I'm on my second model from P&M Research they are great to deal with and very helpfull. I thing we all should try to support a american made model.  You can get a governor kit for PMR model #1 from  Eclector Devices Inc   po box 66 lakeview, NY 14085. I found him on ebay

                                            Mike


----------



## Canyonman (Aug 5, 2007)

I Understand, makes sense. Was just a thought,

Ken


----------



## gt2ride (Nov 23, 2007)

I have finished the PM model 3BI.  It was my first kit eng. and it is a lot different from bar stock eng.  You have to spend more time figuring how to hold things. With bar stock you have a foot of metal chucked up and make the piece and then cut it off. 
 I was happy with the eng. It is the first eng I have made that will run of lung preasure.  You might turn a little blue if you do it to long.


----------



## compound driver (Nov 24, 2007)

HI
Just had a look through my list. I have almost 25 companies listing kits from castings in the UK. These range from kids oscilating engines to 4 inch road locos. 
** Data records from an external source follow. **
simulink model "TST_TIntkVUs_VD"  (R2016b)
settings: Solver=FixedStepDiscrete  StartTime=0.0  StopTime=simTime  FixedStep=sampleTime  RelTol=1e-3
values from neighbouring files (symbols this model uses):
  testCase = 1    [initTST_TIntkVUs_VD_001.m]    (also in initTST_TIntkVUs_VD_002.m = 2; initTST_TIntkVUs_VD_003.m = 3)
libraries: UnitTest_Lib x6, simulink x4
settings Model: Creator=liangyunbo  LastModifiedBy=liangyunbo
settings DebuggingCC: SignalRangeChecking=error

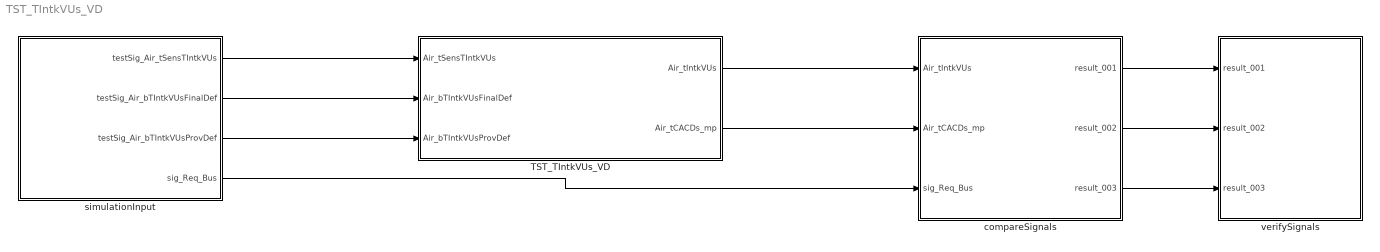
== system TST_TIntkVUs_VD ==
  TST_TIntkVUs_VD : Subsystem
  compareSignals : Subsystem
  simulationInput : Subsystem
  verifySignals : Subsystem
  wires:
  simulationInput/1(testSig_Air_tSensTIntkVUs) -> TST_TIntkVUs_VD/1(Air_tSensTIntkVUs)
  simulationInput/2(testSig_Air_bTIntkVUsFinalDef) -> TST_TIntkVUs_VD/2(Air_bTIntkVUsFinalDef)
  simulationInput/3(testSig_Air_bTIntkVUsProvDef) -> TST_TIntkVUs_VD/3(Air_bTIntkVUsProvDef)
  TST_TIntkVUs_VD/1(Air_tIntkVUs) -> compareSignals/1(Air_tIntkVUs)
  TST_TIntkVUs_VD/2(Air_tCACDs_mp) -> compareSignals/2(Air_tCACDs_mp)
  simulationInput/4(sig_Req_Bus) -> compareSignals/3(sig_Req_Bus)
  compareSignals/1(result_001) -> verifySignals/1(result_001)
  compareSignals/2(result_002) -> verifySignals/2(result_002)
  compareSignals/3(result_003) -> verifySignals/3(result_003)

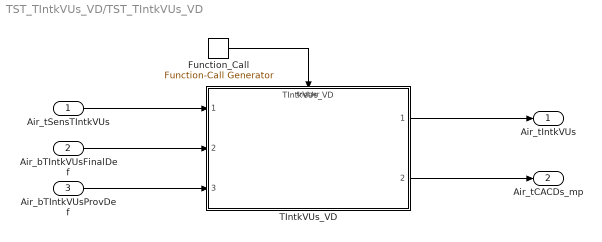
== system TST_TIntkVUs_VD/TST_TIntkVUs_VD ==
  Air_tSensTIntkVUs : Inport
  Air_bTIntkVUsFinalDef : Inport  Port=2
  Air_bTIntkVUsProvDef : Inport  Port=3
  Function_Call : simulink/Ports & Subsystems/Function-Call Generator  sample_time=sampleTime  numberOfIterations=1
  TIntkVUs_VD : ModelReference  ModelNameDialog=TIntkVUs_VD  SimulationMode=Normal  ModelReferenceVersion=1.16  TriggerPortName=function  TriggerPortTriggerType=function-call  TriggerPortStatesWhenEnabling=held
  Air_tIntkVUs : Outport
  Air_tCACDs_mp : Outport  Port=2
  wires:
  Function_Call/1 -> TIntkVUs_VD/Trigger
  Air_tSensTIntkVUs/1 -> TIntkVUs_VD/1
  Air_bTIntkVUsFinalDef/1 -> TIntkVUs_VD/2
  Air_bTIntkVUsProvDef/1 -> TIntkVUs_VD/3
  TIntkVUs_VD/1 -> Air_tIntkVUs/1
  TIntkVUs_VD/2 -> Air_tCACDs_mp/1

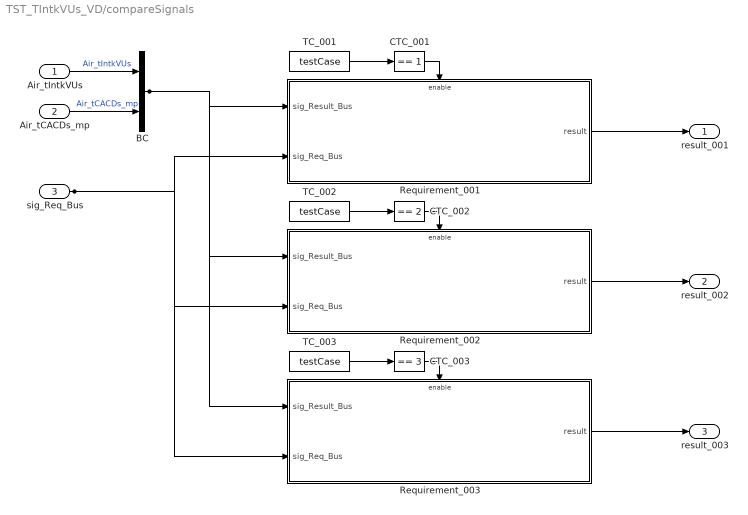
== system TST_TIntkVUs_VD/compareSignals ==
  Air_tIntkVUs : Inport
  Air_tCACDs_mp : Inport  Port=2
  sig_Req_Bus : Inport  Port=3
  BC : BusCreator  Inputs=2
  CTC_001 : simulink/Logic and Bit Operations/Compare To Constant  relop===  const=1  OutDataTypeStr=boolean
  CTC_002 : simulink/Logic and Bit Operations/Compare To Constant  relop===  const=2  OutDataTypeStr=boolean
  CTC_003 : simulink/Logic and Bit Operations/Compare To Constant  relop===  const=3  OutDataTypeStr=boolean
  Requirement_001 : Subsystem
  Requirement_002 : Subsystem
  Requirement_003 : Subsystem
  TC_001 : Constant  Value=testCase
  TC_002 : Constant  Value=testCase
  TC_003 : Constant  Value=testCase
  result_001 : Outport
  result_002 : Outport  Port=2
  result_003 : Outport  Port=3
  wires:
  Air_tIntkVUs/1 -> BC/1  "Air_tIntkVUs"
  Air_tCACDs_mp/1 -> BC/2  "Air_tCACDs_mp"
  TC_001/1 -> CTC_001/1
  CTC_001/1 -> Requirement_001/Enable
  sig_Req_Bus/1 -> Requirement_001/2(sig_Req_Bus), Requirement_002/2(sig_Req_Bus), Requirement_003/2(sig_Req_Bus)
  BC/1 -> Requirement_001/1(sig_Result_Bus), Requirement_002/1(sig_Result_Bus), Requirement_003/1(sig_Result_Bus)
  Requirement_001/1(result) -> result_001/1
  TC_002/1 -> CTC_002/1
  CTC_002/1 -> Requirement_002/Enable
  Requirement_002/1(result) -> result_002/1
  TC_003/1 -> CTC_003/1
  CTC_003/1 -> Requirement_003/Enable
  Requirement_003/1(result) -> result_003/1

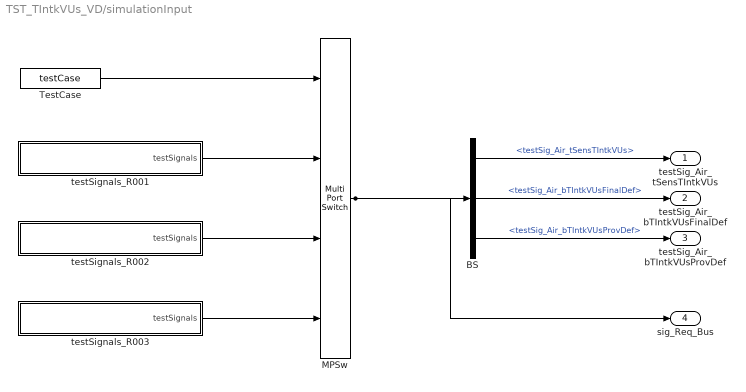
== system TST_TIntkVUs_VD/simulationInput ==
  BS : BusSelector  OutputSignals=testSig_Air_tSensTIntkVUs,testSig_Air_bTIntkVUsFinalDef,testSig_Air_bTIntkVUsProvDef
  MPSw : MultiPortSwitch  SaturateOnIntegerOverflow=on  InputSameDT=on
  TestCase : Constant  Value=testCase
  testSignals_R001 : Subsystem
  testSignals_R002 : Subsystem
  testSignals_R003 : Subsystem
  testSig_Air_tSensTIntkVUs : Outport
  testSig_Air_bTIntkVUsFinalDef : Outport  Port=2
  testSig_Air_bTIntkVUsProvDef : Outport  Port=3
  sig_Req_Bus : Outport  Port=4
  wires:
  BS/1 -> testSig_Air_tSensTIntkVUs/1  "<testSig_Air_tSensTIntkVUs>"
  BS/2 -> testSig_Air_bTIntkVUsFinalDef/1  "<testSig_Air_bTIntkVUsFinalDef>"
  BS/3 -> testSig_Air_bTIntkVUsProvDef/1  "<testSig_Air_bTIntkVUsProvDef>"
  MPSw/1 -> BS/1, sig_Req_Bus/1
  TestCase/1 -> MPSw/1
  testSignals_R001/1(testSignals) -> MPSw/2
  testSignals_R002/1(testSignals) -> MPSw/3
  testSignals_R003/1(testSignals) -> MPSw/4

== system TST_TIntkVUs_VD/verifySignals ==
  result_001 : Inport
  result_002 : Inport  Port=2
  result_003 : Inport  Port=3
  Assertion_001 : Assertion  Enabled=off
  Assertion_002 : Assertion  Enabled=off
  Assertion_003 : Assertion  Enabled=off
  wires:
  result_001/1 -> Assertion_001/1
  result_002/1 -> Assertion_002/1
  result_003/1 -> Assertion_003/1

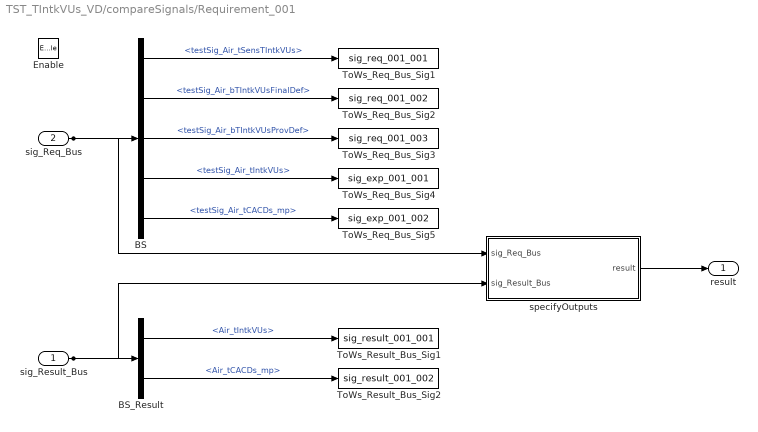
== system TST_TIntkVUs_VD/compareSignals/Requirement_001 ==
  sig_Result_Bus : Inport
  sig_Req_Bus : Inport  Port=2
  Enable : EnablePort
  BS : BusSelector  OutputSignals=testSig_Air_tSensTIntkVUs,testSig_Air_bTIntkVUsFinalDef,testSig_Air_bTIntkVUsProvDef,testSig_Air_tIntkVUs,testSig_Air_tCACDs_mp
  BS_Result : BusSelector  OutputSignals=Air_tIntkVUs,Air_tCACDs_mp
  ToWs_Req_Bus_Sig1 : ToWorkspace  VariableName=sig_req_001_001  SaveFormat=Structure With Time
  ToWs_Req_Bus_Sig2 : ToWorkspace  VariableName=sig_req_001_002  SaveFormat=Structure With Time
  ToWs_Req_Bus_Sig3 : ToWorkspace  VariableName=sig_req_001_003  SaveFormat=Structure With Time
  ToWs_Req_Bus_Sig4 : ToWorkspace  VariableName=sig_exp_001_001  SaveFormat=Structure With Time
  ToWs_Req_Bus_Sig5 : ToWorkspace  VariableName=sig_exp_001_002  SaveFormat=Structure With Time
  ToWs_Result_Bus_Sig1 : ToWorkspace  VariableName=sig_result_001_001  SaveFormat=Structure With Time
  ToWs_Result_Bus_Sig2 : ToWorkspace  VariableName=sig_result_001_002  SaveFormat=Structure With Time
  specifyOutputs : Subsystem
  result : Outport
  wires:
  sig_Req_Bus/1 -> BS/1, specifyOutputs/1(sig_Req_Bus)
  BS/1 -> ToWs_Req_Bus_Sig1/1  "<testSig_Air_tSensTIntkVUs>"
  BS/2 -> ToWs_Req_Bus_Sig2/1  "<testSig_Air_bTIntkVUsFinalDef>"
  BS/3 -> ToWs_Req_Bus_Sig3/1  "<testSig_Air_bTIntkVUsProvDef>"
  BS/4 -> ToWs_Req_Bus_Sig4/1  "<testSig_Air_tIntkVUs>"
  BS/5 -> ToWs_Req_Bus_Sig5/1  "<testSig_Air_tCACDs_mp>"
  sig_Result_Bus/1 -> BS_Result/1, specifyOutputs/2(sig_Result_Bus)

That brings up an idea, a section listing suppliers. Just an idea.

cheers Kevin


----------



## Tin Falcon (Nov 24, 2007)

CD:
we do have the links section that would work well for posting links for engine suppliers or if it is all engine casting suppliers just post the list of links in the Engines from Castings section. 
Tin


----------



## Orrin (Nov 24, 2007)

> You can get a governor kit for PMR model #1 from Eclector Devices Inc po box 66 lakeview, NY 14085. I found him on ebay



I wonder if that governor would be big enough for the PMR #4.  I recently bought the PMR #4 castings and would like to fit a governor to it.  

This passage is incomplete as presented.